Task to complete
Your answer should repeat every line of the records below in which the word "lines" appears.

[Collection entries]
..............................
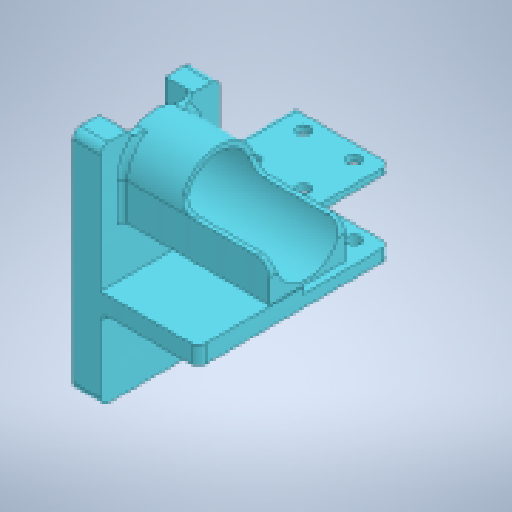
# Autodesk Inventor part: myMotorHolder
Saved by Autodesk Inventor 2024 (Build 280153000, 153)
## iProperties
Created: 2025-08-13
Part Number: myMotorHolder
Material: Типовые
Document SubType Name: Modeling
Designer: DELL
Density: 1 g/cm^3
Appearance: Серо-синий
Author: DELL
Autodesk Inventor part; units mm, degrees
ref_plane "YZ Plane" through (0, 0, 0) normal (1, 0, 0) x (0, 1, 0)
ref_plane "XZ Plane" through (0, 0, 0) normal (0, 1, 0) x (-1, 0, 0)
sketch "Эскиз1" plane through (0, 0, 0) normal (1, 0, 0) x (0, 1, 0)
  circle A0 centre (0, 0) radius 13
  circle A1 centre (0, 0) radius 15
  line L0 (0, -15) -> (-15, -15)
  line L1 (-15, -15) -> (-15, 15)
  line L2 (-15, 15) -> (0, 15)
  point P0 (-15, 0)
  dimension "d0" = 26
  dimension "d1" = 30
  constraints: 6 end point, 2 centre point, 2 coincident, 2 perpendicular, 2 point on circle, 2 tangent, 1 horizontal
  measures "d0" diameter of A0
  measures "d1" diameter of A1
extrude "Выдавливание1" add sketch "Эскиз1" along normal blind 60 contours A0 | A1 | A1 L1 L2 | L0 L1 A1
sketch "Эскиз2" plane through (60, 0, 0) normal (1, 0, 0) x (0, 0, 1)
  circle A0 centre (0, 0) radius 13
  dimension "d4" = 26
  constraints: 1 centre point, 1 coincident
  measures "d4" diameter of A0
extrude "Выдавливание2" cut sketch "Эскиз2" against normal blind 57
sketch "Эскиз3" plane through (0, 0, 0) normal (-1, 0, 0) x (0, 0, -1)
  circle A0 centre (0, 0) radius 3.6
  circle A1 centre (8.5, 0) radius 1.55
  circle A2 centre (-8.5, 0) radius 1.55
  line L0 (-8.5, 0) -> (8.5, 0) construction
  dimension "d7" = 7.2
  dimension "d8" = 3.1
  dimension "d9" = 3.1
  dimension "d10" = 17
  constraints: 3 centre point, 2 coincident, 2 end point, 1 horizontal, 1 midpoint
  measures "d7" diameter of A0
  measures "d8" diameter of A1
  measures "d9" diameter of A2
  measures "d10" distance of L0.start L0.end
extrude "Выдавливание3" cut sketch "Эскиз3" against normal blind 3
chamfer "Фаска1" distance 1.65 angle 45 2 edges at (0, 0, 10.05) (0, 0, -6.95)
sketch "Эскиз7" plane through (60, 0, 0) normal (1, 0, 0) x (0, 0, -1)
  arc A0 (15, 0) -> (-15, 0) centre (0, 0) ccw projected
  line L0 (-15, 0) -> (17, 0)
  line L1 (17, 0) -> (17, 16)
  line L2 (17, 16) -> (-15, 16)
  line L3 (-15, 16) -> (-15, 0)
  point P0 (15, 0)
  dimension "d25" = 32
  dimension "d26" = 16
  constraints: 8 end point, 2 parallel, 1 horizontal, 1 perpendicular
  measures "d25" distance of L2.end L1.end
  measures "d26" distance of L1.end L0.end
extrude "Выдавливание5" cut sketch "Эскиз7" against normal blind 35 contours L0 A0
fillet "Сопряжение1" radius 5 4 edges at (25, 0, 14) (25, 0, -14) (60, 0, -14) (60, 0, 14)
ref_plane "РабПлоскость5" through (0, -11, -14) normal (0, -1, 0) x (1, 0, 0)
sketch "Эскиз14" plane through (0, -15, -15) normal (0, 0, -1) x (-1, 0, 0)
  line L0 (-2, 3) -> (-62, 3)
  line L1 (-62, 3) -> (-62, 5.5)
  line L2 (-62, 5.5) -> (-2, 5.5)
  line L3 (0, 0) -> (-60, 0) projected
  line L4 (0, 0) -> (0, 15) projected
  line L5 (-2, 5.5) -> (-2, 3)
  point P0 (-2, 4.25)
  dimension "d66" = 60
  dimension "d67" = 2.5
  dimension "d68" = 3
  dimension "d96" = 60
  dimension "d141" = 2
  constraints: 8 end point, 1 horizontal, 1 midpoint, 1 parallel, 1 perpendicular
  measures "d66" distance of L1.end L2.end
  measures "d67" distance of L0.end L1.end
  measures "d68" distance between parallel lines of L3 L0
  measures "d96" distance of L0.start L0.end
  measures "d141" distance from line of L4 point (-2, 4.25)
extrude "Выдавливание11" add sketch "Эскиз14" along normal blind 37
sketch "Эскиз15" plane through (0, -15, -15) normal (0, -1, 0) x (1, 0, 0)
  line L0 (60, 30) -> (60, 0) projected
  line L1 (0, 0) -> (60, 0)
  line L2 (60, 0) -> (60, 30)
  line L3 (60, 30) -> (0, 30)
  line L4 (0, 30) -> (0, 0)
  dimension "d76" = 30
  constraints: 8 end point, 2 parallel, 1 horizontal, 1 perpendicular
  measures "d76" distance of L3.end L1.start
extrude "Выдавливание12" cut sketch "Эскиз15" against normal blind 0.5
sketch "Эскиз16" plane through (62, 2, 0) normal (1, 0, 0) x (0, 0, -1)
  line L0 (15, -11.5) -> (15, -14) projected
  line L1 (15, -14) -> (52, -14) projected
  line L2 (52, -11.5) -> (52, -14) projected
  line L3 (15, -11.5) -> (52, -11.5) projected
  point P0 (0, -2)
extrude "Выдавливание13" cut sketch "Эскиз16" against normal blind 21.5
fillet "Сопряжение4" radius 3 2 edges at (40.5, -10.75, -52) (21.25, -9.5, -15)
sketch "Эскиз17" plane through (0, -9.5, -18) normal (0, 1, 0) x (1, 0, 0)
  line L0 (2, 0) -> (2, 34) projected
  circle A0 centre (12, 28.5) radius 2.55 projected
  circle A1 centre (32, 28.5) radius 2.55 projected
  circle A2 centre (12, 8.5) radius 2.55 projected
  circle A3 centre (32, 8.5) radius 2.55 projected
  point P0 (0, -18)
extrude "Выдавливание14" cut sketch "Эскиз17" against normal blind 23
sketch "Эскиз18" plane through (0, 0, 0) normal (-1, 0, 0) x (0, 0, 1)
  line L0 (20.5, 15) -> (13, 15)
  line L1 (-23.5, 12) -> (-23.5, -71.1)
  line L2 (-20.5, -74.1) -> (20.5, -74.1)
  line L3 (23.5, -71.1) -> (23.5, 12)
  circle A0 centre (0, 0) radius 3.6 construction
  circle A1 centre (0, 0) radius 10 construction
  arc A2 (-13, 0) -> (13, 0) centre (0, 0) ccw
  line L4 (-13, 0) -> (-13, 15)
  circle A3 centre (0, 0) radius 13 construction
  line L5 (13, 0) -> (13, 15)
  line L6 (-13, 15) -> (-20.5, 15)
  line L7 (13, 15) -> (-13, 15) construction
  arc A4 (13, 0) -> (-13, 0) centre (0, 0) ccw construction
  circle A5 centre (0, -48.4) radius 18.65
  arc A6 (-23.5, -71.1) -> (-20.5, -74.1) centre (-20.5, -71.1) ccw
  arc A7 (20.5, -74.1) -> (23.5, -71.1) centre (20.5, -71.1) ccw
  arc A8 (-20.5, 15) -> (-23.5, 12) centre (-20.5, 12) ccw
  arc A9 (23.5, 12) -> (20.5, 15) centre (20.5, 12) ccw
  point P0 (-23.5, -74.1)
  point P1 (-23.5, 15)
  point P2 (23.5, -74.1)
  dimension "d85" = 47
  dimension "d86" = 89.1
  dimension "d87" = 23.5
  dimension "d88" = 15
  dimension "d89" = 20
  dimension "d90" = 26
  dimension "d91" = 37.3
  dimension "d92" = 48.4
  dimension "d93" = 3
  constraints: 16 end point, 13 point on circle, 9 perpendicular, 9 tangent, 8 centre point, 7 point on line, 4 parallel, 3 equal radius, 3 horizontal
  measures "d85" distance of point (23.5, -74.1) point (-23.5, -74.1)
  measures "d86" distance of point (-23.5, 15) point (-23.5, -74.1)
  measures "d87" distance from line of L3 A0.centre
  measures "d88" distance from line of L0 A0.centre
  measures "d89" diameter of A1
  measures "d90" diameter of A2
  measures "d91" diameter of A5
  measures "d92" distance of A5.centre A0.centre
  measures "d93" radius of A6
extrude "Выдавливание15" add sketch "Эскиз18" along normal blind 9
sketch "Эскиз19" plane through (0, 0, 0) normal (1, 0, 0) x (0, 0, -1)
  line L0 (-20.5, -74.1) -> (20.5, -74.1)
  line L1 (23.5, -71.1) -> (23.5, -16.5)
  line L2 (23.5, -16.5) -> (-23.5, -16.5)
  line L3 (-23.5, -16.5) -> (-23.5, -71.1)
  arc A0 (20.5, -74.1) -> (23.5, -71.1) centre (20.5, -71.1) ccw
  arc A1 (-23.5, -71.1) -> (-20.5, -74.1) centre (-20.5, -71.1) ccw
  point P0 (0, 0)
  point P1 (-23.5, -74.1)
  point P2 (23.5, -74.1)
  dimension "d98" = 47
  dimension "d102" = 3
  dimension "d118" = 57.6
  constraints: 8 end point, 4 point on circle, 4 point on line, 4 tangent, 2 centre point, 2 parallel, 1 equal radius, 1 horizontal, 1 perpendicular
  measures "d98" distance of L2.end L1.end
  measures "d102" radius of A0
  measures "d118" distance between parallel lines of L2 L0
extrude "Выдавливание16" add sketch "Эскиз19" along normal blind 2
sketch "Эскиз20" plane through (2, 0, 0) normal (1, 0, 0) x (0, 0, -1)
  circle A0 centre (0, -48.4) radius 18.65 construction
  circle A1 centre (0, -48.4) radius 2.5
  point P0 (0, 0)
  dimension "d103" = 5
  constraints: 1 centre point, 1 coincident
  measures "d103" diameter of A1
extrude "Выдавливание17" cut sketch "Эскиз20" against normal blind 5
sketch "Эскиз22" plane through (2, 0, 0) normal (1, 0, 0) x (0, 0, -1)
  circle A0 centre (0, -48.4) radius 8
  circle A1 centre (0, -48.4) radius 6.6
  circle A2 centre (0, -48.4) radius 2.5 projected
  point P0 (0, 0)
  dimension "d110" = 16
  dimension "d113" = 13.2
  constraints: 2 centre point, 2 coincident, 1 concentric
  measures "d110" diameter of A0
  measures "d113" diameter of A1
extrude "Выдавливание19" add sketch "Эскиз22" along normal blind 5 contours A0
sketch "Эскиз25" plane through (0, 0, 0) normal (1, 0, 0) x (0, 0, -1)
  line L0 (-23.5, -16.5) -> (23.5, -16.5) projected
  line L1 (-15, 0) -> (-15, -14.5) projected
  arc A0 (-13, 7.4833) -> (-15, 0) centre (0, 0) ccw projected
  line L2 (-13, 15) -> (-13, 7.4833) projected
  line L3 (-20.5, 15) -> (-13, 15) projected
  arc A1 (-20.5, 15) -> (-23.5, 12) centre (-20.5, 12) ccw projected
  line L4 (-23.5, -16.5) -> (-23.5, 12) projected
  line L5 (-23.5, -16.5) -> (23.5, -16.5) projected
  line L6 (23.5, 12) -> (23.5, -16.5) projected
  arc A2 (23.5, 12) -> (20.5, 15) centre (20.5, 12) ccw projected
  line L7 (13, 15) -> (20.5, 15) projected
  line L8 (13, 7.4833) -> (13, 15) projected
  arc A3 (15, 0) -> (13, 7.4833) centre (0, 0) ccw projected
  line L9 (-15, 0) -> (-15, -14.5) projected
  arc A4 (-13, 7.4833) -> (-15, 0) centre (0, 0) ccw projected
  line L10 (-13, 15) -> (-13, 7.4833) projected
  line L11 (-20.5, 15) -> (-13, 15) projected
  arc A5 (-20.5, 15) -> (-23.5, 12) centre (-20.5, 12) ccw projected
  line L12 (-23.5, -16.5) -> (-23.5, 12) projected
  line L13 (23.5, 12) -> (23.5, -16.5) projected
  arc A6 (23.5, 12) -> (20.5, 15) centre (20.5, 12) ccw projected
  line L14 (13, 15) -> (20.5, 15) projected
  line L15 (13, 7.4833) -> (13, 15) projected
  arc A7 (15, 0) -> (13, 7.4833) centre (0, 0) ccw projected
  line L16 (15, -14.5) -> (15, 0) projected
  line L17 (15, -14.5) -> (-15, -14.5) projected
  line L18 (15, -14.5) -> (15, 0) projected
  line L19 (15, -14.5) -> (-15, -14.5) projected
extrude "Выдавливание20" add sketch "Эскиз25" along normal blind 2
chamfer "Фаска4" distance 5 angle 20 1 edges at (2, -48.4, 8) measured on face at (2.5, -48.4, 8)
sketch "Эскиз26" plane through (2, 0, 0) normal (1, 0, 0) x (0, 0, -1)
  line L0 (-18, -74.1) -> (18, -74.1) construction
  line L1 (18, -74.1) -> (18, -34.5) construction
  line L2 (18, -34.5) -> (-18, -34.5) construction
  line L3 (-18, -34.5) -> (-18, -74.1) construction
  line L4 (18, -34.5) -> (-23.5, -34.5)
  line L5 (-23.5, -34.5) -> (-23.5, -37)
  line L6 (-23.5, -37) -> (18, -37)
  line L7 (18, -37) -> (18, -34.5)
  line L8 (-20.5, -74.1) -> (20.5, -74.1) construction
  line L9 (49, -12) -> (15, -12) projected
  line L10 (-23.5, -34.5) -> (18, -34.5)
  line L11 (18, -34.5) -> (18, -40.1)
  line L12 (18, -40.1) -> (-23.5, -40.1)
  line L13 (-23.5, -40.1) -> (-23.5, -34.5)
  line L14 (-15, -14.5) -> (15, -14.5) projected
  point P0 (0, 0)
  point P1 (0, -74.1)
  point P2 (-23.5, -35.75)
  dimension "d133" = 41.5
  dimension "d152" = 25
  dimension "d154" = 41.5
  dimension "d164" = 20
  constraints: 24 end point, 6 parallel, 3 horizontal, 3 midpoint, 3 perpendicular
  measures "d133" distance of L5.end L6.end
  measures "d152" distance between parallel lines of L9 L6
  measures "d154" distance of L11.end L12.end
  measures "d164" distance between parallel lines of L14 L4
extrude "Выдавливание21" add sketch "Эскиз26" along normal blind 38.5 contours L7 L6 L5 L4
fillet "Сопряжение5" radius 3 1 edges at (40.5, -35.75, 23.5)
sketch "Эскиз27" plane through (2, -37, -18) normal (0, -1, 0) x (1, 0, 0)
  arc A0 (35.5, -34) -> (38.5, -31) centre (35.5, -31) ccw
  line L0 (38.5, -31) -> (38.5, 0)
  line L1 (35.5, -34) -> (1.5, -34)
  line L2 (1.5, 0) -> (38.5, 0)
  line L3 (0, 41.5) -> (35.5, 41.5) projected
  line L4 (38.5, 0) -> (1.5, 0)
  line L5 (1.5, 0) -> (1.5, 41.5)
  line L6 (1.5, 41.5) -> (38.5, 41.5)
  line L7 (38.5, 41.5) -> (38.5, 0)
  line L8 (0, 38.5) -> (0, 41.5) projected
  line L9 (0, 41.5) -> (1.5, 41.5)
  line L10 (1.5, 41.5) -> (1.5, 0)
  line L11 (1.5, 0) -> (0, 0)
  line L12 (0, 0) -> (0, 41.5)
  line L13 (0, 0) -> (0, -34)
  line L14 (0, -34) -> (1.5, -34)
  circle A1 centre (30, -28.5) radius 2.55 projected
  circle A2 centre (10, -28.5) radius 2.55 projected
  circle A3 centre (10, -8.5) radius 2.55 projected
  circle A4 centre (30, -8.5) radius 2.55 projected
  point P0 (-2, 18)
  constraints: 26 end point, 4 parallel, 3 perpendicular, 2 centre point, 2 horizontal, 2 point on circle, 1 point on line, 1 vertical
extrude "Выдавливание22" add sketch "Эскиз27" along normal blind 2.5
fillet "Сопряжение6" radius 3 1 edges at (40.5, -38.25, 23.5)
fillet "Сопряжение9" radius 4 2 edges at (1, 7.4833, -13) (1, 7.4833, 13)
fillet "Сопряжение16" radius 2 7 edges at (2, 7.5721, -12.9485) (2, -8.6213, -15.8787) (2, -9.5, -20.75) (2, -9.5, -37.75) (2, -3.25, -15) (2, -7.25, 15) (2, 7.5721, 12.9485)
sketch "Эскиз29" plane through (2, 0, 0) normal (1, 0, 0) x (0, 0, -1)
  line L0 (-23.5, -39.5) -> (-23.5, -71.1) projected
  line L1 (-23.5, -39.5) -> (15, -39.5)
  line L2 (15, -39.5) -> (15, -41.6)
  line L3 (15, -41.6) -> (-23.5, -41.6)
  line L4 (-23.5, -41.6) -> (-23.5, -39.5)
  point P0 (0, 0)
  point P1 (-23.5, -37)
  dimension "d156" = 38.5
  dimension "d157" = 2.1
  constraints: 8 end point, 2 parallel, 1 horizontal, 1 perpendicular
  measures "d156" distance of L2.end L3.end
  measures "d157" distance of L1.end L2.end
extrude "Выдавливание23" add sketch "Эскиз29" along normal up to surface (38.5 mm away)
fillet "Сопряжение18" radius 3 1 edges at (40.5, -40.55, 23.5)
sketch "Эскиз30" plane through (2, -39.5, -18) normal (0, -1, 0) x (1, 0, 0)
  line L0 (38.5, 3) -> (0, 3) projected
  line L1 (0, -5.5) -> (0, 3) projected
  line L2 (0, -5.5) -> (0, -34) projected
  line L3 (0, -34) -> (35.5, -34) projected
  arc A0 (35.5, -34) -> (38.5, -31) centre (35.5, -31) ccw projected
  line L4 (38.5, -31) -> (38.5, 3) projected
  point P0 (-2, 18)
extrude "Выдавливание24" add sketch "Эскиз30" along normal up to surface (2.1 mm away)
fillet "Сопряжение19" radius 3 2 edges at (2, -41.6, 15.2922) (2, -41.6, -15.2922)
sketch "Эскиз31" plane through (2, -41.6, -52) normal (0, -1, 0) x (1, 0, 0)
  circle A0 centre (30, 25.5) radius 2.55 projected
  circle A1 centre (30, 5.5) radius 2.55 projected
  circle A2 centre (10, 5.5) radius 2.55 projected
  circle A3 centre (10, 25.5) radius 2.55 projected
  point P0 (-2, 52)
extrude "Выдавливание25" cut sketch "Эскиз31" against normal blind 2.5
..............................
Expected answer
  measures "d68" distance between parallel lines of L3 L0
  measures "d118" distance between parallel lines of L2 L0
  measures "d152" distance between parallel lines of L9 L6
  measures "d164" distance between parallel lines of L14 L4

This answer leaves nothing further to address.